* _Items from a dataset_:
════════════════════

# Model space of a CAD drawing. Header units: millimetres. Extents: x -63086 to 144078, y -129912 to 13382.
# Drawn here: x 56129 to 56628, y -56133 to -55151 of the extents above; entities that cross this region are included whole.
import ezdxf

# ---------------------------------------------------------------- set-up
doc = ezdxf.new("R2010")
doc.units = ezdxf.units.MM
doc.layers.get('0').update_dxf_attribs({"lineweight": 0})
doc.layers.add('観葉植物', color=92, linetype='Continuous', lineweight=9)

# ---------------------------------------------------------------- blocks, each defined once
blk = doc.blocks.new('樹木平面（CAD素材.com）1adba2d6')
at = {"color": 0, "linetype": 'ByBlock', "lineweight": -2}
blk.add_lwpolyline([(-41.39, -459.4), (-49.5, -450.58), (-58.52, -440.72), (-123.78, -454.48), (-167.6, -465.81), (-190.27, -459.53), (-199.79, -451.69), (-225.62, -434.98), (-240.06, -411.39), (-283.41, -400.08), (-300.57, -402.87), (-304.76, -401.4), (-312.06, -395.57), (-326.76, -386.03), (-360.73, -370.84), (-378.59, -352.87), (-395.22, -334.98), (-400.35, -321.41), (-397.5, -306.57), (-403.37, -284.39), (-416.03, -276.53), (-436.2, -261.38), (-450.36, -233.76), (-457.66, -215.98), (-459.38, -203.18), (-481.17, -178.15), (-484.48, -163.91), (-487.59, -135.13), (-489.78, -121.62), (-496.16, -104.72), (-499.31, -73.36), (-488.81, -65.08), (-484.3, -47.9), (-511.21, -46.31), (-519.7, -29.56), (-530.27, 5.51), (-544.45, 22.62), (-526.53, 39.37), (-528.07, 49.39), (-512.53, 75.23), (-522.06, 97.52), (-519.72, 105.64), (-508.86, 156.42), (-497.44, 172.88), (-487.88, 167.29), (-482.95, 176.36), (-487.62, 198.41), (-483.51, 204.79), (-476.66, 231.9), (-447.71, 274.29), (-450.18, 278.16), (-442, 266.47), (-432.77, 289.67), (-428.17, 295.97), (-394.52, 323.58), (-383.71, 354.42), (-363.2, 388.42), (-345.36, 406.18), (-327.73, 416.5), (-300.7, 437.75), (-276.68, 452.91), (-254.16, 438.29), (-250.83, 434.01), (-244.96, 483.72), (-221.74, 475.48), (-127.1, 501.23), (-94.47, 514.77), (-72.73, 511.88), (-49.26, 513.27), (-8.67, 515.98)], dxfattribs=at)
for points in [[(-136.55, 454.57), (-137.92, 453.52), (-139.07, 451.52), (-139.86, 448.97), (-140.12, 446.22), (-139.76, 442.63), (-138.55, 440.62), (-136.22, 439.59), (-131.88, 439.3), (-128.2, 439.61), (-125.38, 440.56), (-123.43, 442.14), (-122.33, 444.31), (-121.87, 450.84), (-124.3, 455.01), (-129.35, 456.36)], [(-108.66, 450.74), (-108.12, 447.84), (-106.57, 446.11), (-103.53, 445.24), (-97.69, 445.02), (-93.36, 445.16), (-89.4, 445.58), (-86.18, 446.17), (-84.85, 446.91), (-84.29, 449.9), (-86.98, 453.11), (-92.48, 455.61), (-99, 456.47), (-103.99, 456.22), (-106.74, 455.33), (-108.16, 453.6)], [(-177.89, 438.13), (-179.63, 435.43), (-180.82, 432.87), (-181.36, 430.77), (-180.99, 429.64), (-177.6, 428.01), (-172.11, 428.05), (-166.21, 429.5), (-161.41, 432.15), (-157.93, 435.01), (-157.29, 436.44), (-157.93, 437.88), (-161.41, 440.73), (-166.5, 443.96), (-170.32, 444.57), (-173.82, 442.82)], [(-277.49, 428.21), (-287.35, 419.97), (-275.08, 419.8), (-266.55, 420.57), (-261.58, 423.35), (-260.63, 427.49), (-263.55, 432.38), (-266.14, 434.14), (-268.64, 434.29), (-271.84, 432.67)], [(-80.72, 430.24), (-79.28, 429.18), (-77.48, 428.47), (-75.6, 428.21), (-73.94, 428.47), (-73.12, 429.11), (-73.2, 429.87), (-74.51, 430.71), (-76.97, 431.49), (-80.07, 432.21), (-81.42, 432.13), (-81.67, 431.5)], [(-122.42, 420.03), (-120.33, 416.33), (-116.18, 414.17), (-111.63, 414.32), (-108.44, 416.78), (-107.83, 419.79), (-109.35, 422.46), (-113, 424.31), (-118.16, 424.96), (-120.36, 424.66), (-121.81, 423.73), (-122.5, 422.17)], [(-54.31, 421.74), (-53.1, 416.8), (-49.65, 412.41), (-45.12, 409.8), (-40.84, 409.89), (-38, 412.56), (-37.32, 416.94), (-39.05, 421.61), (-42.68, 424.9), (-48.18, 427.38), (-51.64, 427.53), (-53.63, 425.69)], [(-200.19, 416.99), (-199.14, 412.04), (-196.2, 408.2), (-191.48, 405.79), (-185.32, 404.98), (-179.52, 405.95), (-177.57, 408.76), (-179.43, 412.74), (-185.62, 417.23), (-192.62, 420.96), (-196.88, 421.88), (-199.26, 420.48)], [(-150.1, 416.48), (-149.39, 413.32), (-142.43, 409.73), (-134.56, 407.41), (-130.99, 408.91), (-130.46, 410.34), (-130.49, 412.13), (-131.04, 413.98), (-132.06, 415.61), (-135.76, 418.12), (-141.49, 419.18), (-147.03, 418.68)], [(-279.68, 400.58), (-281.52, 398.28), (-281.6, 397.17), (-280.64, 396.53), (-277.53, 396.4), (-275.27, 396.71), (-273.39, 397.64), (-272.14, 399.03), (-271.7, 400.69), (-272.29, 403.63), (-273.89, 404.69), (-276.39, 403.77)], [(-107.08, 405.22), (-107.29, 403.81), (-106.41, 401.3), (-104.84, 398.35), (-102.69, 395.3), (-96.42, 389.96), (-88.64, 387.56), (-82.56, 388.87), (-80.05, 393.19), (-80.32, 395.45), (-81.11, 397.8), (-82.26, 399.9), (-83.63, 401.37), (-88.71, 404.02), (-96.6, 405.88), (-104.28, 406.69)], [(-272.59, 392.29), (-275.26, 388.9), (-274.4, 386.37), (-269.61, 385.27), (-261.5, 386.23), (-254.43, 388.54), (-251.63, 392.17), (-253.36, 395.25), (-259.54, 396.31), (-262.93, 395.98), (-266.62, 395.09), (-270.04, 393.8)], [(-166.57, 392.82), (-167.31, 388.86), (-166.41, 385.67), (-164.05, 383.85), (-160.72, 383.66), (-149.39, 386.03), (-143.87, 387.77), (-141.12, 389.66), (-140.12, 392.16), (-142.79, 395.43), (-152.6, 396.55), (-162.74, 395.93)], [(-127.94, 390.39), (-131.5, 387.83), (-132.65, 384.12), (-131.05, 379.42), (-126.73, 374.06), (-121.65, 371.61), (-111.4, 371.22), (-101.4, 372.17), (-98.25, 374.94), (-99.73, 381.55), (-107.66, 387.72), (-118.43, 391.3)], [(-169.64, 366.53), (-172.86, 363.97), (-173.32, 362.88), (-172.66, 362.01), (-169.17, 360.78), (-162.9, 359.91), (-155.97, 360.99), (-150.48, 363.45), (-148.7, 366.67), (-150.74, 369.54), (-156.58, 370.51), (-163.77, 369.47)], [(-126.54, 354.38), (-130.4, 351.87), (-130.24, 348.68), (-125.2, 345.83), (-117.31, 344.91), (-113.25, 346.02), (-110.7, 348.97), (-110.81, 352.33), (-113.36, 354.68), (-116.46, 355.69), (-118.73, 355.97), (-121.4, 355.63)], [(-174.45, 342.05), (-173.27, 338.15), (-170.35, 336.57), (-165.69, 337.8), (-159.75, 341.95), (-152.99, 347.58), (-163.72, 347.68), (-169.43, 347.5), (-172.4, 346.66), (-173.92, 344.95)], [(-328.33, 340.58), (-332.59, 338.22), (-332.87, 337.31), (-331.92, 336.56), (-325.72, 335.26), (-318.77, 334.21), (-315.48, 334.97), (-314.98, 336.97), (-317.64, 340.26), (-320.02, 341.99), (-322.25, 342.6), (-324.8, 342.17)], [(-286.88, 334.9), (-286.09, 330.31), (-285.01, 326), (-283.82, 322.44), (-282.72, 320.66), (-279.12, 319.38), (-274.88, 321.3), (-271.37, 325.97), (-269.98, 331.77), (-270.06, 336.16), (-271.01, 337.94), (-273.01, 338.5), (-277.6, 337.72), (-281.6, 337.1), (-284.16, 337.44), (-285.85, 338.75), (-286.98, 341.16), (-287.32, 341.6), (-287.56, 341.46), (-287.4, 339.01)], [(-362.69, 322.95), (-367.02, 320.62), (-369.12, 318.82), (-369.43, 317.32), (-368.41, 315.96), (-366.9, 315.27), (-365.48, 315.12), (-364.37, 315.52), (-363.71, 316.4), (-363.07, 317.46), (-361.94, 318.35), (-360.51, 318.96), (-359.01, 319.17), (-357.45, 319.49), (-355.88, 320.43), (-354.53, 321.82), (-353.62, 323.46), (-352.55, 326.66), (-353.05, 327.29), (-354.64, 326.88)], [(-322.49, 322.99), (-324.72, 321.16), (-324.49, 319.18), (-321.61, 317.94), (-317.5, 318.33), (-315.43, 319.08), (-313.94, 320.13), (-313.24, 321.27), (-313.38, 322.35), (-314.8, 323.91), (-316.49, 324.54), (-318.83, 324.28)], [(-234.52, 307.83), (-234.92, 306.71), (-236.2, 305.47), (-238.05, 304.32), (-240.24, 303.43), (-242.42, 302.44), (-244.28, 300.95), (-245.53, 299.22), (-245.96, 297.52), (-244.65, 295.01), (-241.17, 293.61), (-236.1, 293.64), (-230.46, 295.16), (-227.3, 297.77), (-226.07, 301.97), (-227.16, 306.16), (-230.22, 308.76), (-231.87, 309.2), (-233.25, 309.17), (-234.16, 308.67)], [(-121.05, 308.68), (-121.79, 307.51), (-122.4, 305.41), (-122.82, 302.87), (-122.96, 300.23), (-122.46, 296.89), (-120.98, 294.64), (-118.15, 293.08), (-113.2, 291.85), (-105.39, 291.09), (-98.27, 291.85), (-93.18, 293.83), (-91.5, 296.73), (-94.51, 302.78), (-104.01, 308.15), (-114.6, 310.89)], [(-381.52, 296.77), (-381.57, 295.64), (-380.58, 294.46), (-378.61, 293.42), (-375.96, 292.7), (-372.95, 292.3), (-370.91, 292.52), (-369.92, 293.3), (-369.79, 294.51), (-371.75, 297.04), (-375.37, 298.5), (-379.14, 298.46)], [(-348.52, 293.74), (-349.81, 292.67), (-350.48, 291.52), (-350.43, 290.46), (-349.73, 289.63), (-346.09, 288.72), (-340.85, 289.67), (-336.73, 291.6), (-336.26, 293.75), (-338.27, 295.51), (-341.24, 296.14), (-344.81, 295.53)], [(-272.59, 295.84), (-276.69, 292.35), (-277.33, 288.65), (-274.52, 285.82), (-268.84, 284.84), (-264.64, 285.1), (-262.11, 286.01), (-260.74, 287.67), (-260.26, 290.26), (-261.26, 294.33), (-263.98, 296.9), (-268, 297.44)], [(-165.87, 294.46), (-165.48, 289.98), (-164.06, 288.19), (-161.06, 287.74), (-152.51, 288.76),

════════════════════

* _What you need to do_: Set down, exactly as they appear, the lines above from the first one to the line that holds "color=92, linetype='Continuous', lineweight=9)", both included, please, and no others.

* _Answer for the task_:
# Model space of a CAD drawing. Header units: millimetres. Extents: x -63086 to 144078, y -129912 to 13382.
# Drawn here: x 56129 to 56628, y -56133 to -55151 of the extents above; entities that cross this region are included whole.
import ezdxf

# ---------------------------------------------------------------- set-up
doc = ezdxf.new("R2010")
doc.units = ezdxf.units.MM
doc.layers.get('0').update_dxf_attribs({"lineweight": 0})
doc.layers.add('観葉植物', color=92, linetype='Continuous', lineweight=9)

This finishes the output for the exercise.